# Samyang 50mm F1.4... Anyone interested?



## abcde12345 (Aug 25, 2014)

Something to fight with Sigma? Definitely will look out for its price! And whether it has autofocus or not...

https://www.facebook.com/fotogears/photos/a.195142573849174.53552.132293013467464/878676795495745/?type=1&theater


----------



## preppyak (Aug 25, 2014)

Well, if its priced in the $2-300 range, sure. They might have a slight advantage in that not many people love the canon 50mm f/1.4, but it goes pretty cheaply.

The other problem they have to compete with is, for mirrorless, they are an endless supply of legacy 50mm f/1.4 lenses for <$100 or so. I know I bought the FD 50mm for my GH2, so it forces their lens even further into a niche.
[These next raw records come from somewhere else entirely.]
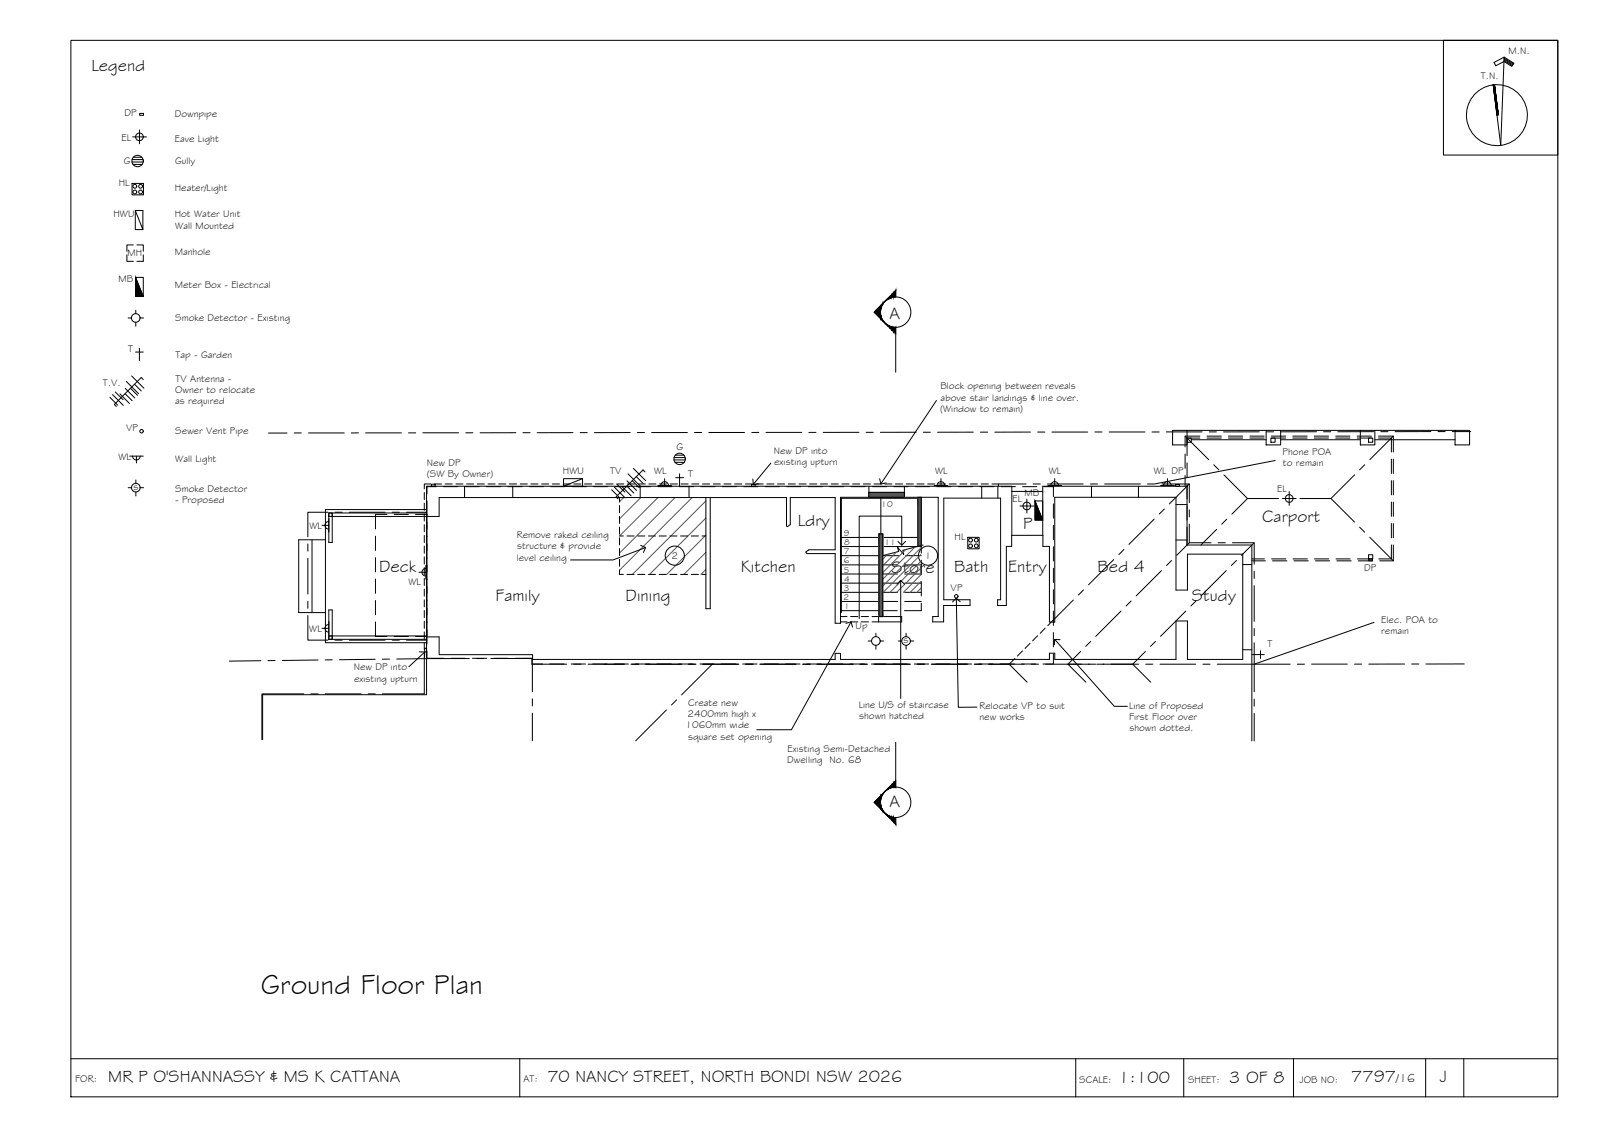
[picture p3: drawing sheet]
<svg xmlns="http://www.w3.org/2000/svg" width="420mm" height="297mm" viewBox="0 0 420 297" stroke-linecap="round" stroke-linejoin="round" font-family="sans-serif">
<!-- layer: BORDER -->
<g fill="none" stroke="#000" stroke-width=".26">
<path d="M18.6 10.6h390v277h-390zM378.6 10.6h30v30.1h-30zM394.4 15.8l2.2 1.4M394.5 15.3l2.4 1.5M394.5 15.6l2.3 1.4M394.5 15l2.5 1.6-.5 .8-2.1-1.3-2.1 1.1-.5-.8 2.7-1.4-.9 23.1-2-15.9M392 22.2l1 7.9M18.6 277.6h390M136.3 277.6v10M282.1 277.6v10M310.5 277.6v10M339.2 277.6v10"/>
<path d="M373.9 277.6v10M383.9 277.6v10"/>
<circle cx="392.6" cy="30.2" r="8"/>
</g>
<!-- layer: TEXT -->
<g fill="none" stroke="#000" stroke-width=".26">
<circle cx="177" cy="145.7" r="2.51"/>
<circle cx="243.4" cy="145.7" r="2.51"/>
</g>
<!-- layer: EXISTING -->
<g fill="none" stroke="#000" stroke-width=".26">
<path d="M307.5 112.8h3.8v3.8h-3.8zM311.3 114.8h1.1v1.1h-1.1zM311.3 112.8h20.8M312.4 115.3h19.7M332.1 112.8h3.8v3.8h-3.8zM333.3 114.8h1.1v1.1h-1.1zM335.9 112.8h20.9M335.9 115.3h20.9M356.8 112.8h3.8v3.8h-3.8zM358.9 114.8h1.1v1.1h-1.1zM360.6 112.8h21M360.6 115.3h21"/>
<path d="M381.6 112.8h3.8v3.8h-3.8zM86.2 135.4h29v-5h91.1v7.4l.2 .3 .8-.6v-7.1h11.7v13.7h-6.9l-.8 .6 .3 .4h7.4v18.3h1.4v-.4h1.8M86.2 134.5h.9v.9h-.9zM87.1 134.5v7.7h-.9v-7.7h25.7M111.9 133.6h-26.5v34.9h26.5M121.8 127.5v2.9M134.5 127.5v2.9M162.5 130.4v1.2M162.5 132.5v1.9M162.5 135.4v1.8M162.5 138.2v1.9M167.9 127.5v2.9"/>
<path d="M180.7 127.5v2.9M185.1 130.4v29.2h1.2v-29.2M227.9 127.5v2.9M237.2 127.5v2.9M257.5 127.5v3.1M261.7 127.5v3.1M265.4 128.8h8.1M286.3 127.5v2.9M298.6 127.5v2.9M308.4 132.3h2.9M81.8 141.5v19.1M85.4 141.5h-7.1v19.1h7.1"/>
<path d="M162.5 141v1.9M162.5 143.8v1.9M162.5 146.6v1.9M162.5 149.4v1.2h1M162.5 140.5h1M164.4 150.6h1.9M164.4 140.5h1.9M167.2 150.6h1.9M167.2 140.5h1.9M170.1 150.6h1.8M170.1 140.5h1.8M172.9 150.6h1.8"/>
<path d="M172.9 140.5h1.8M175.7 150.6h1.9M175.7 140.5h1.9M178.5 150.6h1.9M178.5 140.5h1.9M181.3 150.6h1.9M181.3 140.5h1.9M184.1 150.6h1M184.1 140.5h1M265.3 140.3h8.2v2.9h1.7v19.9h1.4v-32.7h31.8v24.3h3v-9.4h14.5v27.6h-14.5v-10.1h-3v10.1h-31.8v-1.6h-1.4v1.6h-54.8v-1.6h-1.4v1.6h-79.3v-1.3h-24.5v-4.6h-3.3M273.5 140.3v-12.8h37.8v15.4h17v51.4M308.4 141.6h2.9"/>
<path d="M325.9 148h2.4M358.9 145.4h1.1v1.1h-1.1zM86.2 166.7h.9v.9h-.9zM86.2 167.6v-7.7h.9v7.7M86.2 167.6h25.7M86.2 166.7h25.7M222.2 161.6h-1.8v-31.2h25.7v31.2h-1.5v1.4h2.9v-4.3h6.9v-1.5h-6.9v-26.6h14.9v26.6h-.8v1.5h2.3v-15.5h1.4l.1-15.7h-153.5v54.6h-43v11.8M223.1 163h1.9M223.1 161.6h1.9M225.9 163h1.9M225.9 161.6h1.9M228.7 161.6h7.8v1.4h-7.8"/>
<path d="M325.9 170.3h2.4"/>
</g>
<!-- layer: HATCH -->
<g fill="none" stroke="#545454" stroke-width=".26">
<path d="M163.6 130.4l-1.1 1.1M168.1 130.4l-5.6 5.6M172.6 130.4l-10.1 10.1M177 130.4l-14.5 14.6M181.5 130.4l-19 19.1M185.1 131.3l-19.2 19.3M185.1 135.8l-14.7 14.8M185.1 140.3l-10.2 10.3M185.1 144.8l-5.7 5.8M185.1 149.3l-1.3 1.3M232.7 145.3l-1.8 1.9M235.1 144.7l-4.2 4.2"/>
<path d="M237.5 144.1l-6.6 6.6M239.9 143.5l-9 9M241.5 143.6l-10.6 10.6M241.5 145.4l-9.9 9.9M241.5 147.2l-8.1 8.1M241.5 148.9l-6.3 6.4M241.5 150.7l-4.6 4.6M241.5 152.5l-2.8 2.8M241.5 154.2l-1 1.1"/>
</g>
<!-- layer: 0.13 -->
<g fill="none" stroke="#000" stroke-width=".26">
<path d="M314.7 114.8h-3.4v4.7M316.6 114.8h3.7M322.2 114.8h3.7M327.8 114.8h3.8M333.4 114.8h3.8M339.1 114.8h3.7M344.7 114.8h3.7M350.3 114.8h3.8M355.9 114.8h3.8M361.6 114.8h3.3v3.7M311.3 121.4v3.7M311.3 127v3.7"/>
<path d="M311.3 132.6v3.8M311.3 138.2v4.7M364.9 120.4v3.7M364.9 126v3.7M364.9 131.6v3.8M364.9 137.3v3.7M242.1 142.9l-5.3 1.4 .2 1.1-1.6-1.9 .3 1.1-5.3 1.4M328.3 146.5h3.3M333.5 146.5h3.8M339.1 146.5h3.8M344.7 146.5h3.8M350.4 146.5h3.7"/>
<path d="M356 146.5h3.8M364.9 142.9v3.6h-3.3"/>
</g>
<!-- layer: ROOFPLAN EXIST. -->
<g fill="none" stroke="#000" stroke-width=".26">
<path d="M310.8 119v3.8M310.8 114.3l6.2 6.2M314.7 114.3h-3.9v2.9M316.6 114.3h3.7M322.2 114.3h3.7M327.8 114.3h3.8M333.4 114.3h3.8M339.1 114.3h3.7M344.7 114.3h3.7M350.3 114.3h3.8M355.9 114.3h3.8M361.6 114.3h3.8v4.2"/>
<path d="M365.4 114.3l-6.2 6.2M86 134.3h-5.3v6.5M87.9 134.3h1.9M91.6 134.3h9.4M102.9 134.3h1.8M106.6 134.3h5.3M111.3 129.1v1.9M111.3 131.9v1.9M111.3 134.7v1.9M111.3 137.6v1.8M113 126.9h-1.7v1.3M113.9 126.9h1.9"/>
<path d="M116.7 126.9h1.9M119.6 126.9h1.8M122.4 126.9h1.8M125.2 126.9h1.8M128 126.9h1.9M130.8 126.9h1.9M133.6 126.9h1.9M136.4 126.9h1.9M139.2 126.9h1.9M142.1 126.9h1.8M144.9 126.9h1.8M147.7 126.9h1.8"/>
<path d="M150.5 126.9h1.9M153.3 126.9h1.9M156.1 126.9h1.9M158.9 126.9h1.9M161.7 126.9h1.9M164.6 126.9h1.8M167.4 126.9h1.8M170.2 126.9h1.8M173 126.9h1.9M175.8 126.9h1.9M178.6 126.9h1.9M181.4 126.9h1.9"/>
<path d="M184.2 126.9h1.9M187.1 126.9h1.8M189.9 126.9h1.8M192.7 126.9h1.8M195.5 126.9h1.9M198.3 126.9h1.9M201.1 126.9h1.9M203.9 126.9h1.9M206.7 126.9h1.9M209.6 126.9h1.8M212.4 126.9h1.8M215.2 126.9h1.9"/>
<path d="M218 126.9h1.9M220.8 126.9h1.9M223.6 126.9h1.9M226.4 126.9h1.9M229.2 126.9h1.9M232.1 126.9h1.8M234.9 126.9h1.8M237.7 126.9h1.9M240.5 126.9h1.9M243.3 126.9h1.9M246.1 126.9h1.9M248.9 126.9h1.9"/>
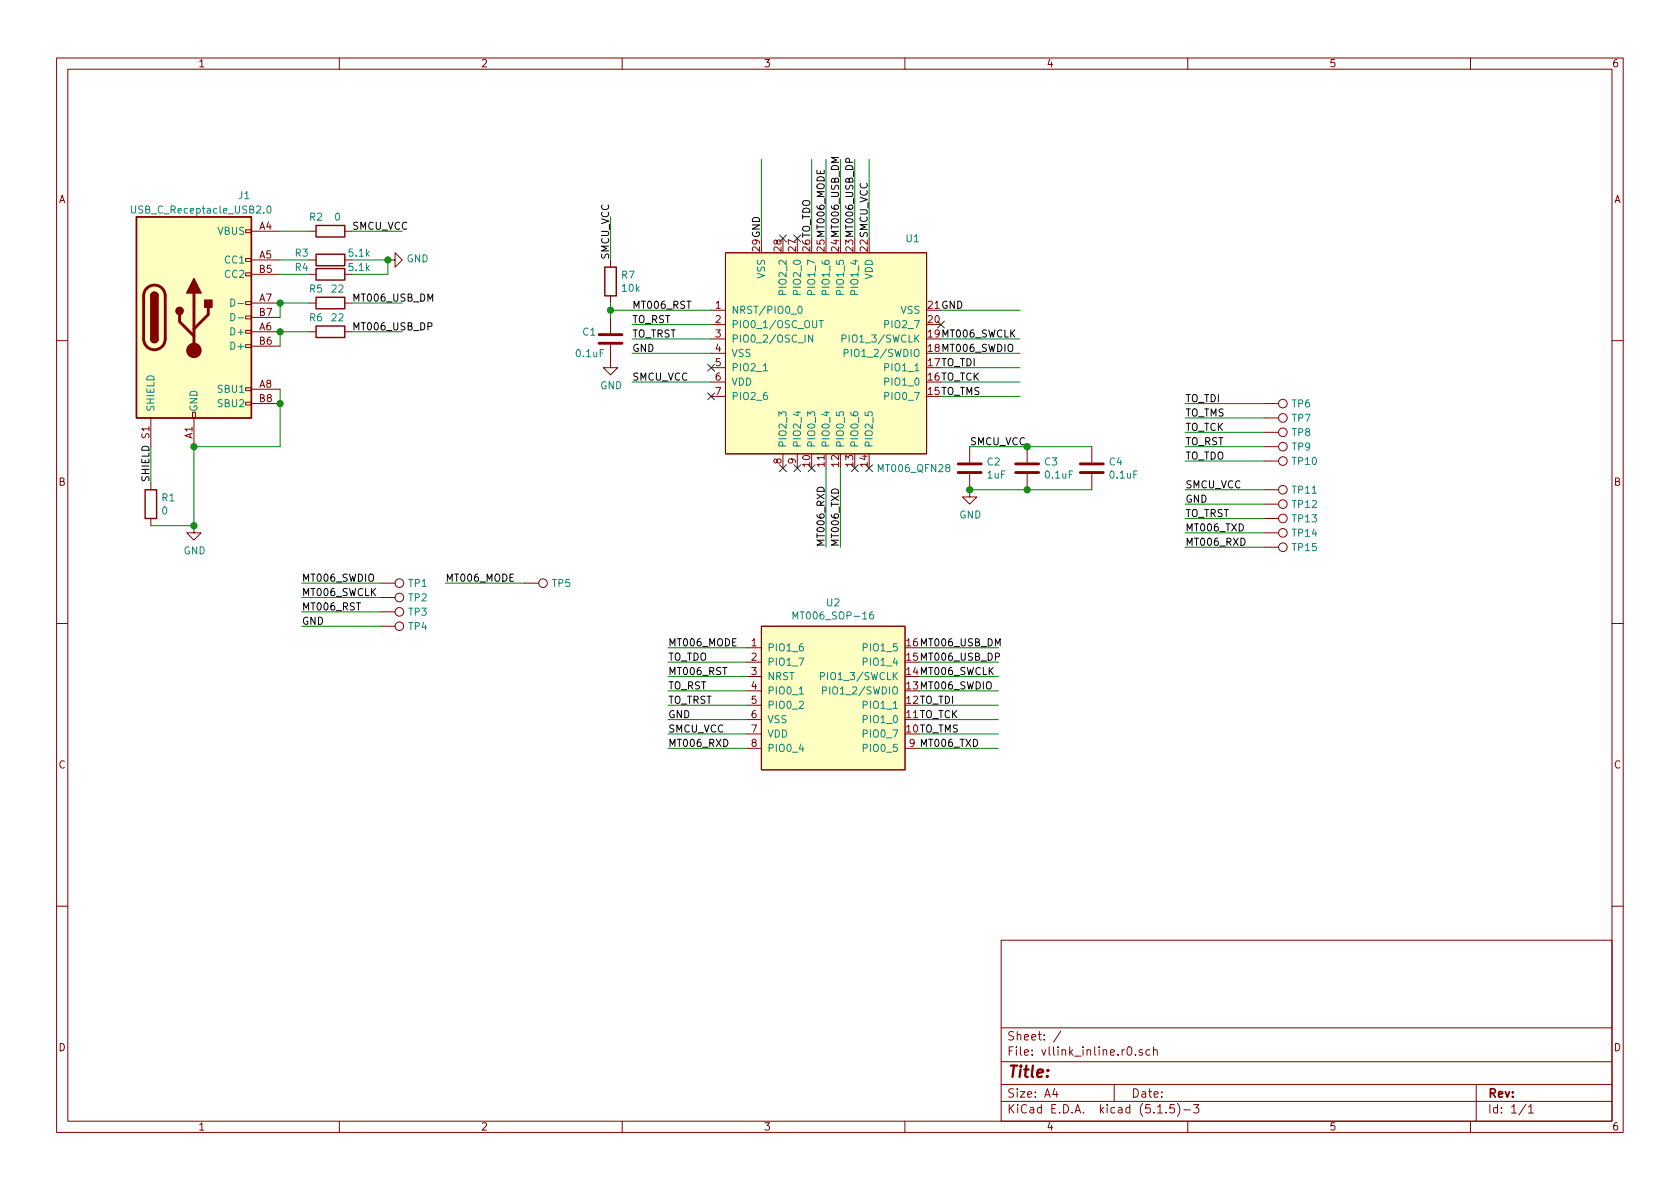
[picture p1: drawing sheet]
<svg xmlns="http://www.w3.org/2000/svg" width="297mm" height="210mm" viewBox="0 0 297 210" stroke-linecap="round" stroke-linejoin="round" font-family="sans-serif">
<g fill="none" stroke="#840000" stroke-width=".18">
<path d="M10 10.3h277v189.9h-277zM12 12.2h273v186.1h-273zM60 10.3v1.9M110 10.3v1.9M160 10.3v1.9M210 10.3v1.9M260 10.3v1.9M43.4 58.4h1v.5h-1zM43.4 55.9h1v.5h-1zM43.4 53.3h1v.5h-1zM43.4 48.3h1v.5h-1zM43.4 45.7h1v.5h-1z"/>
<path d="M43.4 40.6h1v.5h-1zM44.4 40.9h5.1M44.4 58.7h5.1M44.4 46h5.1M44.4 48.5h5.1M44.4 53.6h5.1M44.4 56.1h5.1M54.6 40.9h1.3M54.6 58.7h1.3M54.6 46h1.3M54.6 48.5h1.3M54.6 53.6h1.3"/>
<path d="M61 40.9h1.2M61 58.7h1.2M61 46h1.2M61 48.5h1.2M61 53.6h1.2M68.6 46h1.2v-1.3l1.3 1.3-1.3 1.2v-1.2M107.9 46v1.2M107.9 52.3v1.3M107.9 56.1v2.8M125.7 54.9h2.6M125.7 57.4h2.6M125.7 59.9h2.6"/>
<path d="M128.3 44.7h35.5v35.6h-35.5zM10 60.2h2M26.7 73.9v5.1M34 72.9h.5v1h-.5zM34.3 73.9v5.1M43.4 71.1h1v.5h-1zM43.4 68.6h1v.5h-1zM43.4 61h1v.5h-1zM44.4 71.4h5.1M44.4 68.8h5.1M44.4 61.2h5.1M107.9 61v4h1.3l-1.3 1.3-1.2-1.3h1.2"/>
<path d="M125.7 62.5h2.6M125.7 65h2.6M125.7 67.6h2.6M125.7 70.1h2.6M171.4 79v2.8M181.6 79v2.8M193 79v2.8M223.5 79h2.6M223.5 76.4h2.6M223.5 73.9h2.6M223.5 71.4h2.6M285 60.2h2"/>
<path d="M26.7 85.3v1.3M26.7 91.7v1.3M34.3 93v1.2h1.3l-1.3 1.3-1.3-1.3h1.3M138.4 80.3v2.5M141 80.3v2.5M171.4 83.8v4.1h1.3l-1.3 1.2-1.2-1.2h1.2M181.6 83.8v2.8M193 83.8v2.8M223.5 94.2h2.6M223.5 96.8h2.6M223.5 91.7h2.6M223.5 89.1h2.6"/>
<path d="M223.5 81.5h2.6M223.5 86.6h2.6M10 110.3h2M67.3 105.7h2.5M67.3 103.1h2.5M67.3 108.2h2.5M67.3 110.7h2.5M92.7 103.1h2.5M132.1 114.5h2.5M132.1 117.1h2.5M132.1 119.6h2.5M134.6 110.7h25.4v25.4h-25.4z"/>
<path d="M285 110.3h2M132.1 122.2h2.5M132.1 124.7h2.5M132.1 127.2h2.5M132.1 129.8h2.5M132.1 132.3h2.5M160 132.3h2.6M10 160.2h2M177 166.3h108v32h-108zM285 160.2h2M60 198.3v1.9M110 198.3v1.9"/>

A 50mm f/1.2 would have been a big deal if they sold it in the same price range as Sigma sells their Art 35mm


----------



## Zv (Aug 25, 2014)

preppyak said:


> Well, if its priced in the $2-300 range, sure. They might have a slight advantage in that not many people love the canon 50mm f/1.4, but it goes pretty cheaply.
> 
> The other problem they have to compete with is, for mirrorless, they are an endless supply of legacy 50mm f/1.4 lenses for <$100 or so. I know I bought the FD 50mm for my GH2, so it forces their lens even further into a niche.
> 
> A 50mm f/1.2 would have been a big deal if they sold it in the same price range as Sigma sells their Art 35mm



I also have an FD 50 1.4 so prob wont be needing this Samyang. I love my SY 14mm f/2.8, the IQ even wide open is astonishing. If this new 50 is sharp wide open it might make me think about it in M mount but other than that I like my 50s with AF. It's a great people focal length for events indoors and people don't stay still for long! "Hey just hold that smile for about a minute while I focus via live view!" Yeah, not gonna happen. 

Cheap studio lens perhaps? Food photography? Flowers etc? Yeah those guys might have something to say about this lens.


----------



## fsgray (Aug 25, 2014)

I am. It's all manual like the 85 and 35, but sized for mirrorless cameras with native mounts.


----------



## dcm (Aug 25, 2014)

fsgray said:


> ... but sized for mirrorless cameras with native mounts.



Well, the 35 and 85 do have native mounts, but they are sized for full frame sensors and flange distances. The weight of the EF and EF-M versions are the same and the EF-M version is 26mm longer than the EF version (basically has a built-in EF-M to EF adapter). The EF-M version would be the same as buying the EF version and using Canon's adapter. Lenses sized for the M are less than half the weight and much shorter.


----------



## moreorless (Aug 25, 2014)

The issue will be I'd say that a manual 50mm lens will likely have higher optical expectations of it than a cheap AF nifty 50.

50mm seems to be a difficult focal length to please everyone as well, perhaps partly down to the technical side but also I'd say because it can have a number of different uses. With a 35mm lens for example sharpness across the frame is likely the main consideration for the majority, with an 85mm smooth bokeh maybe, with a 50mm a lot of people want both.


----------



## Tanispyre (Aug 25, 2014)

Well, if it has the auto aperture with focus confirmation like their new 35, then maybe. Otherwise I will stick with my Pentax 50mm primes.


----------



## leGreve (Aug 26, 2014)

I can imagine it being tough to sell as a photo lens, but the VDSLR version is going to have a hard time meeting the demand.

Video / film people have been complaining since forever about there missing this one lens. And the lack of a 50mm was the sole reason I didn't invest in the Samyang lenses. Now the cine set is complete.

Let's hope they didn't drop the ball image quality wise.


----------